Materials provided
════════════════

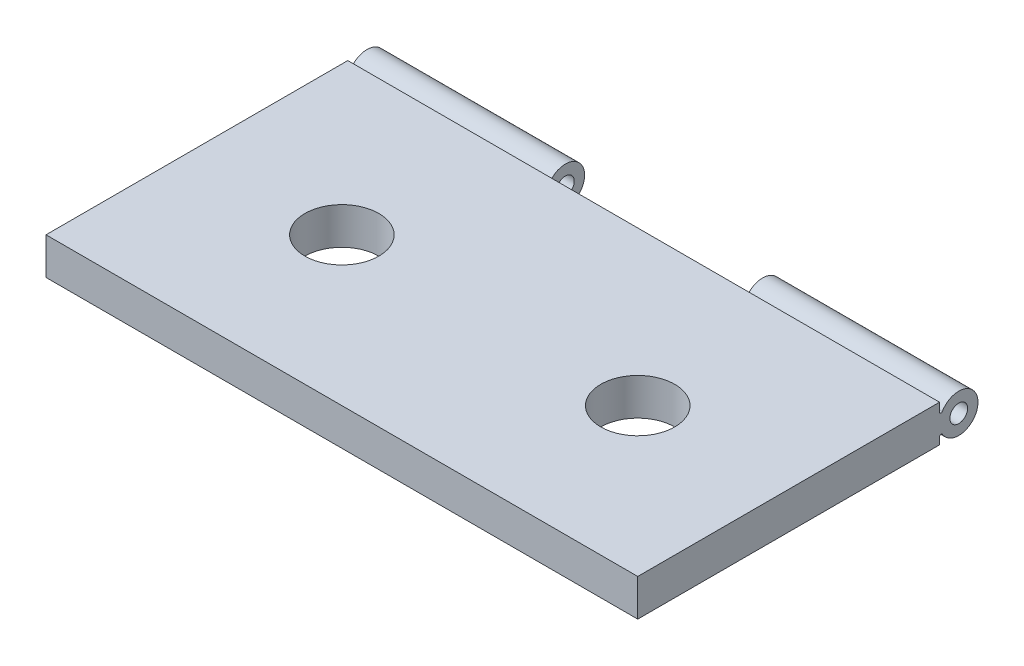
ISO-10303-21;
HEADER;
FILE_DESCRIPTION(('STEP AP214'),'2;1');
FILE_NAME('part.step','',(''),(''),'','','');
FILE_SCHEMA(('AUTOMOTIVE_DESIGN { 1 0 10303 214 1 1 1 1 }'));
ENDSEC;
DATA;
#1=APPLICATION_CONTEXT('core data for automotive mechanical design processes');
#2=APPLICATION_PROTOCOL_DEFINITION('international standard','automotive_design',2000,#1);
#3=PRODUCT_CONTEXT('',#1,'mechanical');
#4=PRODUCT('Part','Part','',(#3));
#5=PRODUCT_RELATED_PRODUCT_CATEGORY('part','',(#4));
#6=PRODUCT_DEFINITION_FORMATION('','',#4);
#7=PRODUCT_DEFINITION_CONTEXT('part definition',#1,'design');
#8=PRODUCT_DEFINITION('design','',#6,#7);
#9=PRODUCT_DEFINITION_SHAPE('','',#8);
#10=(LENGTH_UNIT() NAMED_UNIT(*) SI_UNIT(.MILLI.,.METRE.));
#11=(NAMED_UNIT(*) PLANE_ANGLE_UNIT() SI_UNIT($,.RADIAN.));
#12=(NAMED_UNIT(*) SI_UNIT($,.STERADIAN.) SOLID_ANGLE_UNIT());
#13=UNCERTAINTY_MEASURE_WITH_UNIT(LENGTH_MEASURE(1.E-05),#10,'distance_accuracy_value','');
#14=(GEOMETRIC_REPRESENTATION_CONTEXT(3) GLOBAL_UNCERTAINTY_ASSIGNED_CONTEXT((#13)) GLOBAL_UNIT_ASSIGNED_CONTEXT((#10,
#11,#12)) REPRESENTATION_CONTEXT('',''));
#15=CARTESIAN_POINT('',(0.,0.,0.));
#16=DIRECTION('',(0.,0.,1.));
#17=DIRECTION('',(1.,0.,0.));
#18=AXIS2_PLACEMENT_3D('',#15,#16,#17);
#19=CARTESIAN_POINT('',(-8.46666666666667,2.43749749874126,-13.335));
#20=DIRECTION('',(1.,0.,0.));
#21=DIRECTION('',(0.,0.,-1.));
#22=AXIS2_PLACEMENT_3D('',#19,#20,#21);
#23=CYLINDRICAL_SURFACE('',#22,0.127);
#24=DIRECTION('',(1.,0.,0.));
#25=VECTOR('',#24,1.);
#26=CARTESIAN_POINT('',(-8.46666666666667,2.43749749874126,-13.208));
#27=LINE('',#26,#25);
#28=CARTESIAN_POINT('',(-25.4,2.43749749874126,-13.208));
#29=VERTEX_POINT('',#28);
#30=CARTESIAN_POINT('',(-8.37061429648779,2.43749749874126,-13.208));
#31=VERTEX_POINT('',#30);
#32=EDGE_CURVE('E180',#29,#31,#27,.T.);
#33=ORIENTED_EDGE('',*,*,#32,.T.);
#34=CARTESIAN_POINT('',(-8.37061429648779,2.43749749874126,-13.335));
#35=DIRECTION('',(-1.,0.,0.));
#36=DIRECTION('',(0.,0.,1.));
#37=AXIS2_PLACEMENT_3D('',#34,#35,#36);
#38=CIRCLE('',#37,0.127);
#39=CARTESIAN_POINT('',(-8.37061429648779,2.37208249702927,-13.4438571428571));
#40=VERTEX_POINT('',#39);
#41=EDGE_CURVE('E129',#31,#40,#38,.F.);
#42=ORIENTED_EDGE('',*,*,#41,.T.);
#43=DIRECTION('',(1.,0.,0.));
#44=VECTOR('',#43,1.);
#45=CARTESIAN_POINT('',(-8.46666666666667,2.37208249702927,-13.4438571428571));
#46=LINE('',#45,#44);
#47=CARTESIAN_POINT('',(-25.4,2.37208249702927,-13.4438571428571));
#48=VERTEX_POINT('',#47);
#49=EDGE_CURVE('E176',#48,#40,#46,.T.);
#50=ORIENTED_EDGE('',*,*,#49,.F.);
#51=CARTESIAN_POINT('',(-25.4,2.43749749874126,-13.335));
#52=DIRECTION('',(-1.,0.,0.));
#53=DIRECTION('',(0.,0.,1.));
#54=AXIS2_PLACEMENT_3D('',#51,#52,#53);
#55=CIRCLE('',#54,0.127);
#56=EDGE_CURVE('E155',#48,#29,#55,.T.);
#57=ORIENTED_EDGE('',*,*,#56,.T.);
#58=EDGE_LOOP('',(#33,#42,#50,#57));
#59=FACE_BOUND('',#58,.T.);
#60=ADVANCED_FACE('F34',(#59),#23,.F.);
#61=CARTESIAN_POINT('',(-8.46666666666667,1.52168747477341,-14.859));
#62=DIRECTION('',(1.,0.,0.));
#63=DIRECTION('',(0.,0.,-1.));
#64=AXIS2_PLACEMENT_3D('',#61,#62,#63);
#65=CYLINDRICAL_SURFACE('',#64,1.651);
#66=ORIENTED_EDGE('',*,*,#49,.T.);
#67=CARTESIAN_POINT('',(-8.37061429648779,1.52168747477341,-14.859));
#68=DIRECTION('',(-1.,0.,0.));
#69=DIRECTION('',(0.,0.,1.));
#70=AXIS2_PLACEMENT_3D('',#67,#68,#69);
#71=CIRCLE('',#70,1.651);
#72=CARTESIAN_POINT('',(-8.37061429648779,0.671292452517549,-13.4438571428571));
#73=VERTEX_POINT('',#72);
#74=EDGE_CURVE('E126',#40,#73,#71,.T.);
#75=ORIENTED_EDGE('',*,*,#74,.T.);
#76=DIRECTION('',(1.,0.,0.));
#77=VECTOR('',#76,1.);
#78=CARTESIAN_POINT('',(-8.46666666666667,0.671292452517548,-13.4438571428571));
#79=LINE('',#78,#77);
#80=CARTESIAN_POINT('',(-25.4,0.671292452517549,-13.4438571428571));
#81=VERTEX_POINT('',#80);
#82=EDGE_CURVE('E172',#81,#73,#79,.T.);
#83=ORIENTED_EDGE('',*,*,#82,.F.);
#84=CARTESIAN_POINT('',(-25.4,1.52168747477341,-14.859));
#85=DIRECTION('',(-1.,0.,0.));
#86=DIRECTION('',(0.,0.,1.));
#87=AXIS2_PLACEMENT_3D('',#84,#85,#86);
#88=CIRCLE('',#87,1.651);
#89=EDGE_CURVE('E158',#81,#48,#88,.F.);
#90=ORIENTED_EDGE('',*,*,#89,.T.);
#91=EDGE_LOOP('',(#66,#75,#83,#90));
#92=FACE_BOUND('',#91,.T.);
#93=ADVANCED_FACE('F237',(#92),#65,.T.);
#94=CARTESIAN_POINT('',(-8.46666666666667,0.605877450805559,-13.335));
#95=DIRECTION('',(1.,0.,0.));
#96=DIRECTION('',(0.,0.,-1.));
#97=AXIS2_PLACEMENT_3D('',#94,#95,#96);
#98=CYLINDRICAL_SURFACE('',#97,0.127);
#99=ORIENTED_EDGE('',*,*,#82,.T.);
#100=CARTESIAN_POINT('',(-8.37061429648779,0.605877450805559,-13.335));
#101=DIRECTION('',(-1.,0.,0.));
#102=DIRECTION('',(0.,0.,1.));
#103=AXIS2_PLACEMENT_3D('',#100,#101,#102);
#104=CIRCLE('',#103,0.127);
#105=CARTESIAN_POINT('',(-8.37061429648779,0.605877450805557,-13.208));
#106=VERTEX_POINT('',#105);
#107=EDGE_CURVE('E123',#73,#106,#104,.F.);
#108=ORIENTED_EDGE('',*,*,#107,.T.);
#109=DIRECTION('',(1.,0.,0.));
#110=VECTOR('',#109,1.);
#111=CARTESIAN_POINT('',(-8.46666666666667,0.605877450805559,-13.208));
#112=LINE('',#111,#110);
#113=CARTESIAN_POINT('',(-25.4,0.605877450805559,-13.208));
#114=VERTEX_POINT('',#113);
#115=EDGE_CURVE('E168',#114,#106,#112,.T.);
#116=ORIENTED_EDGE('',*,*,#115,.F.);
#117=CARTESIAN_POINT('',(-25.4,0.605877450805559,-13.335));
#118=DIRECTION('',(-1.,0.,0.));
#119=DIRECTION('',(0.,0.,1.));
#120=AXIS2_PLACEMENT_3D('',#117,#118,#119);
#121=CIRCLE('',#120,0.127);
#122=EDGE_CURVE('E161',#114,#81,#121,.T.);
#123=ORIENTED_EDGE('',*,*,#122,.T.);
#124=EDGE_LOOP('',(#99,#108,#116,#123));
#125=FACE_BOUND('',#124,.T.);
#126=ADVANCED_FACE('F230',(#125),#98,.F.);
#127=CARTESIAN_POINT('',(-8.46666666666667,1.52168747477341,-14.859));
#128=DIRECTION('',(1.,0.,0.));
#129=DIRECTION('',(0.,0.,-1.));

════════════════

Among the records above, a stretch begins at the line containing "FILE_DESCRIPTION(('STEP AP214'),'2;1');" and ends at the line containing "#29=VERTEX_POINT('',#28);". Restate that stretch word for word, and nothing else.

Result below
FILE_DESCRIPTION(('STEP AP214'),'2;1');
FILE_NAME('part.step','',(''),(''),'','','');
FILE_SCHEMA(('AUTOMOTIVE_DESIGN { 1 0 10303 214 1 1 1 1 }'));
ENDSEC;
DATA;
#1=APPLICATION_CONTEXT('core data for automotive mechanical design processes');
#2=APPLICATION_PROTOCOL_DEFINITION('international standard','automotive_design',2000,#1);
#3=PRODUCT_CONTEXT('',#1,'mechanical');
#4=PRODUCT('Part','Part','',(#3));
#5=PRODUCT_RELATED_PRODUCT_CATEGORY('part','',(#4));
#6=PRODUCT_DEFINITION_FORMATION('','',#4);
#7=PRODUCT_DEFINITION_CONTEXT('part definition',#1,'design');
#8=PRODUCT_DEFINITION('design','',#6,#7);
#9=PRODUCT_DEFINITION_SHAPE('','',#8);
#10=(LENGTH_UNIT() NAMED_UNIT(*) SI_UNIT(.MILLI.,.METRE.));
#11=(NAMED_UNIT(*) PLANE_ANGLE_UNIT() SI_UNIT($,.RADIAN.));
#12=(NAMED_UNIT(*) SI_UNIT($,.STERADIAN.) SOLID_ANGLE_UNIT());
#13=UNCERTAINTY_MEASURE_WITH_UNIT(LENGTH_MEASURE(1.E-05),#10,'distance_accuracy_value','');
#14=(GEOMETRIC_REPRESENTATION_CONTEXT(3) GLOBAL_UNCERTAINTY_ASSIGNED_CONTEXT((#13)) GLOBAL_UNIT_ASSIGNED_CONTEXT((#10,
#11,#12)) REPRESENTATION_CONTEXT('',''));
#15=CARTESIAN_POINT('',(0.,0.,0.));
#16=DIRECTION('',(0.,0.,1.));
#17=DIRECTION('',(1.,0.,0.));
#18=AXIS2_PLACEMENT_3D('',#15,#16,#17);
#19=CARTESIAN_POINT('',(-8.46666666666667,2.43749749874126,-13.335));
#20=DIRECTION('',(1.,0.,0.));
#21=DIRECTION('',(0.,0.,-1.));
#22=AXIS2_PLACEMENT_3D('',#19,#20,#21);
#23=CYLINDRICAL_SURFACE('',#22,0.127);
#24=DIRECTION('',(1.,0.,0.));
#25=VECTOR('',#24,1.);
#26=CARTESIAN_POINT('',(-8.46666666666667,2.43749749874126,-13.208));
#27=LINE('',#26,#25);
#28=CARTESIAN_POINT('',(-25.4,2.43749749874126,-13.208));
#29=VERTEX_POINT('',#28);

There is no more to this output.